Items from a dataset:
----------------
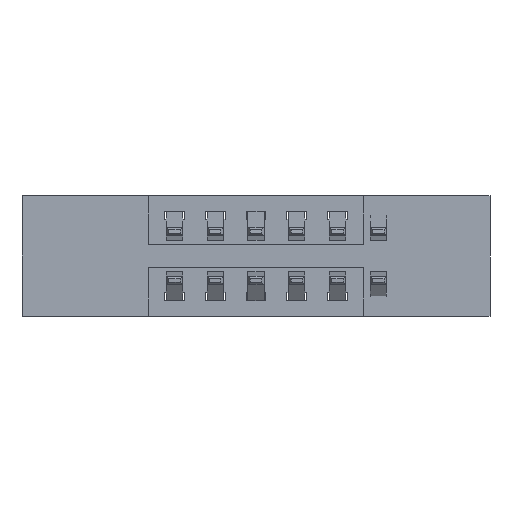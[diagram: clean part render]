
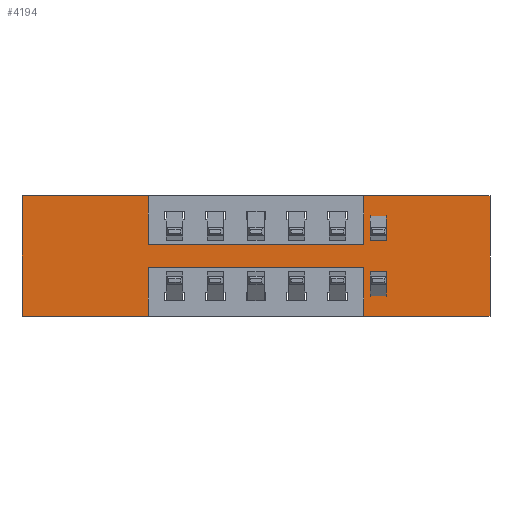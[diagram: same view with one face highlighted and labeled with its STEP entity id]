
A CAD part, front view. The second image highlights one B-rep face of the part: STEP entity #4194.
In plain terms, the highlighted planar face has unit normal (0, -1, 0).
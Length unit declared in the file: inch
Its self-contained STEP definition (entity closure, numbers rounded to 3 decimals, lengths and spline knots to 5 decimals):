
#130 = DIRECTION ( 'NONE',  ( -1., 0., 0. ) ) ;
#147 = ORIENTED_EDGE ( 'NONE', *, *, #8176, .F. ) ;
#200 = CARTESIAN_POINT ( 'NONE',  ( 0., 0., 0. ) ) ;
#260 = VECTOR ( 'NONE', #2654, 39.37008 ) ;
#267 = LINE ( 'NONE', #7874, #4002 ) ;
#442 = ORIENTED_EDGE ( 'NONE', *, *, #5832, .F. ) ;
#666 = CARTESIAN_POINT ( 'NONE',  ( 1.0475, 0., 0. ) ) ;
#753 = LINE ( 'NONE', #200, #3248 ) ;
#833 = ORIENTED_EDGE ( 'NONE', *, *, #6742, .F. ) ;
#860 = ORIENTED_EDGE ( 'NONE', *, *, #2515, .F. ) ;
#906 = DIRECTION ( 'NONE',  ( 0., -1., 0. ) ) ;
#1092 = VERTEX_POINT ( 'NONE', #8387 ) ;
#1119 = VERTEX_POINT ( 'NONE', #4410 ) ;
#1247 = CARTESIAN_POINT ( 'NONE',  ( 0.3875, 0., 0. ) ) ;
#1339 = LINE ( 'NONE', #5884, #260 ) ;
#1532 = CARTESIAN_POINT ( 'NONE',  ( 1.435, 0., 0. ) ) ;
#1595 = ORIENTED_EDGE ( 'NONE', *, *, #7354, .F. ) ;
#1625 = VECTOR ( 'NONE', #7183, 39.37008 ) ;
#1652 = DIRECTION ( 'NONE',  ( -1., 0., 0. ) ) ;
#1787 = ORIENTED_EDGE ( 'NONE', *, *, #7030, .F. ) ;
#1834 = DIRECTION ( 'NONE',  ( 1., 0., 0. ) ) ;
#1911 = VERTEX_POINT ( 'NONE', #6018 ) ;
#1914 = CARTESIAN_POINT ( 'NONE',  ( 0., 0., -0.37 ) ) ;
#1920 = LINE ( 'NONE', #4467, #7656 ) ;
#2124 = CARTESIAN_POINT ( 'NONE',  ( 0., 0., -0.37 ) ) ;
#2175 = CARTESIAN_POINT ( 'NONE',  ( 0.3875, 0., -0.37 ) ) ;
#2195 = LINE ( 'NONE', #1532, #3958 ) ;
#2509 = ORIENTED_EDGE ( 'NONE', *, *, #4539, .F. ) ;
#2515 = EDGE_CURVE ( 'NONE', #3428, #4417, #1920, .T. ) ;
#2571 = DIRECTION ( 'NONE',  ( -1., 0., 0. ) ) ;
#2654 = DIRECTION ( 'NONE',  ( 1., 0., 0. ) ) ;
#2699 = VERTEX_POINT ( 'NONE', #3072 ) ;
#2798 = CARTESIAN_POINT ( 'NONE',  ( 1.0475, 0., -0.37 ) ) ;
#2928 = LINE ( 'NONE', #2798, #3813 ) ;
#2934 = DIRECTION ( 'NONE',  ( 0., 0., -1. ) ) ;
#2953 = LINE ( 'NONE', #5547, #3046 ) ;
#2969 = CARTESIAN_POINT ( 'NONE',  ( 0.3875, 0., 0. ) ) ;
#3046 = VECTOR ( 'NONE', #1652, 39.37008 ) ;
#3072 = CARTESIAN_POINT ( 'NONE',  ( 1.0475, 0., -0.15 ) ) ;
#3184 = VECTOR ( 'NONE', #5953, 39.37008 ) ;
#3248 = VECTOR ( 'NONE', #6649, 39.37008 ) ;
#3428 = VERTEX_POINT ( 'NONE', #5792 ) ;
#3500 = FACE_OUTER_BOUND ( 'NONE', #8150, .T. ) ;
#3617 = CARTESIAN_POINT ( 'NONE',  ( 1.0475, 0., -0.37 ) ) ;
#3719 = ORIENTED_EDGE ( 'NONE', *, *, #7011, .F. ) ;
#3813 = VECTOR ( 'NONE', #7460, 39.37008 ) ;
#3864 = ORIENTED_EDGE ( 'NONE', *, *, #6168, .F. ) ;
#3958 = VECTOR ( 'NONE', #6160, 39.37008 ) ;
#4002 = VECTOR ( 'NONE', #6606, 39.37008 ) ;
#4097 = LINE ( 'NONE', #2175, #3184 ) ;
#4156 = LINE ( 'NONE', #666, #1625 ) ;
#4194 = ADVANCED_FACE ( 'NONE', ( #3500 ), #7367, .T. ) ;
#4376 = VECTOR ( 'NONE', #130, 39.37008 ) ;
#4410 = CARTESIAN_POINT ( 'NONE',  ( 1.0475, 0., -0.22 ) ) ;
#4417 = VERTEX_POINT ( 'NONE', #1914 ) ;
#4467 = CARTESIAN_POINT ( 'NONE',  ( 0., 0., -0.37 ) ) ;
#4490 = VECTOR ( 'NONE', #2934, 39.37008 ) ;
#4539 = EDGE_CURVE ( 'NONE', #4417, #6567, #753, .T. ) ;
#4561 = ORIENTED_EDGE ( 'NONE', *, *, #7343, .F. ) ;
#4952 = CARTESIAN_POINT ( 'NONE',  ( 0.3875, 0., -0.15 ) ) ;
#5057 = VERTEX_POINT ( 'NONE', #1247 ) ;
#5231 = VERTEX_POINT ( 'NONE', #7076 ) ;
#5468 = VECTOR ( 'NONE', #1834, 39.37008 ) ;
#5547 = CARTESIAN_POINT ( 'NONE',  ( 0.3875, 0., -0.22 ) ) ;
#5792 = CARTESIAN_POINT ( 'NONE',  ( 0.3875, 0., -0.37 ) ) ;
#5832 = EDGE_CURVE ( 'NONE', #5231, #6873, #7909, .T. ) ;
#5884 = CARTESIAN_POINT ( 'NONE',  ( 0., 0., 0. ) ) ;
#5953 = DIRECTION ( 'NONE',  ( 0., 0., -1. ) ) ;
#6018 = CARTESIAN_POINT ( 'NONE',  ( 0.3875, 0., -0.22 ) ) ;
#6160 = DIRECTION ( 'NONE',  ( 0., 0., -1. ) ) ;
#6168 = EDGE_CURVE ( 'NONE', #6567, #5057, #8029, .T. ) ;
#6567 = VERTEX_POINT ( 'NONE', #7736 ) ;
#6599 = VERTEX_POINT ( 'NONE', #7234 ) ;
#6606 = DIRECTION ( 'NONE',  ( 1., 0., 0. ) ) ;
#6649 = DIRECTION ( 'NONE',  ( 0., 0., 1. ) ) ;
#6742 = EDGE_CURVE ( 'NONE', #1119, #1911, #2953, .T. ) ;
#6761 = EDGE_CURVE ( 'NONE', #1911, #3428, #4097, .T. ) ;
#6832 = EDGE_CURVE ( 'NONE', #7910, #2699, #267, .T. ) ;
#6873 = VERTEX_POINT ( 'NONE', #3617 ) ;
#6911 = AXIS2_PLACEMENT_3D ( 'NONE', #7444, #906, #7996 ) ;
#7011 = EDGE_CURVE ( 'NONE', #6873, #1119, #2928, .T. ) ;
#7030 = EDGE_CURVE ( 'NONE', #6599, #5231, #2195, .T. ) ;
#7046 = ORIENTED_EDGE ( 'NONE', *, *, #6832, .F. ) ;
#7076 = CARTESIAN_POINT ( 'NONE',  ( 1.435, 0., -0.37 ) ) ;
#7183 = DIRECTION ( 'NONE',  ( 0., 0., 1. ) ) ;
#7234 = CARTESIAN_POINT ( 'NONE',  ( 1.435, 0., 0. ) ) ;
#7343 = EDGE_CURVE ( 'NONE', #2699, #1092, #4156, .T. ) ;
#7354 = EDGE_CURVE ( 'NONE', #1092, #6599, #1339, .T. ) ;
#7367 = PLANE ( 'NONE',  #6911 ) ;
#7444 = CARTESIAN_POINT ( 'NONE',  ( 0., 0., -0.37 ) ) ;
#7460 = DIRECTION ( 'NONE',  ( 0., 0., 1. ) ) ;
#7656 = VECTOR ( 'NONE', #2571, 39.37008 ) ;
#7665 = ORIENTED_EDGE ( 'NONE', *, *, #6761, .F. ) ;
#7736 = CARTESIAN_POINT ( 'NONE',  ( 0., 0., 0. ) ) ;
#7874 = CARTESIAN_POINT ( 'NONE',  ( 0.3875, 0., -0.15 ) ) ;
#7909 = LINE ( 'NONE', #2124, #4376 ) ;
#7910 = VERTEX_POINT ( 'NONE', #4952 ) ;
#7983 = LINE ( 'NONE', #2969, #4490 ) ;
#7996 = DIRECTION ( 'NONE',  ( 0., 0., -1. ) ) ;
#8029 = LINE ( 'NONE', #8207, #5468 ) ;
#8150 = EDGE_LOOP ( 'NONE', ( #7665, #833, #3719, #442, #1787, #1595, #4561, #7046, #147, #3864, #2509, #860 ) ) ;
#8176 = EDGE_CURVE ( 'NONE', #5057, #7910, #7983, .T. ) ;
#8207 = CARTESIAN_POINT ( 'NONE',  ( 0., 0., 0. ) ) ;
#8387 = CARTESIAN_POINT ( 'NONE',  ( 1.0475, 0., 0. ) ) ;
----------------
> **PROBLEM**: Leaving out every picture, repeat exactly the lines of the records from the start through the line that has "#1625 = VECTOR ( 'NONE', #7183, 39.37008 ) ;".

> **SOLUTION TO THE EXERCISE**:
[diagram: clean part render]
[diagram: same view with one face highlighted and labeled with its STEP entity id]
A CAD part, front view. The second image highlights one B-rep face of the part: STEP entity #4194.
In plain terms, the highlighted planar face has unit normal (0, -1, 0).
Length unit declared in the file: inch
Its self-contained STEP definition (entity closure, numbers rounded to 3 decimals, lengths and spline knots to 5 decimals):
#130 = DIRECTION ( 'NONE',  ( -1., 0., 0. ) ) ;
#147 = ORIENTED_EDGE ( 'NONE', *, *, #8176, .F. ) ;
#200 = CARTESIAN_POINT ( 'NONE',  ( 0., 0., 0. ) ) ;
#260 = VECTOR ( 'NONE', #2654, 39.37008 ) ;
#267 = LINE ( 'NONE', #7874, #4002 ) ;
#442 = ORIENTED_EDGE ( 'NONE', *, *, #5832, .F. ) ;
#666 = CARTESIAN_POINT ( 'NONE',  ( 1.0475, 0., 0. ) ) ;
#753 = LINE ( 'NONE', #200, #3248 ) ;
#833 = ORIENTED_EDGE ( 'NONE', *, *, #6742, .F. ) ;
#860 = ORIENTED_EDGE ( 'NONE', *, *, #2515, .F. ) ;
#906 = DIRECTION ( 'NONE',  ( 0., -1., 0. ) ) ;
#1092 = VERTEX_POINT ( 'NONE', #8387 ) ;
#1119 = VERTEX_POINT ( 'NONE', #4410 ) ;
#1247 = CARTESIAN_POINT ( 'NONE',  ( 0.3875, 0., 0. ) ) ;
#1339 = LINE ( 'NONE', #5884, #260 ) ;
#1532 = CARTESIAN_POINT ( 'NONE',  ( 1.435, 0., 0. ) ) ;
#1595 = ORIENTED_EDGE ( 'NONE', *, *, #7354, .F. ) ;
#1625 = VECTOR ( 'NONE', #7183, 39.37008 ) ;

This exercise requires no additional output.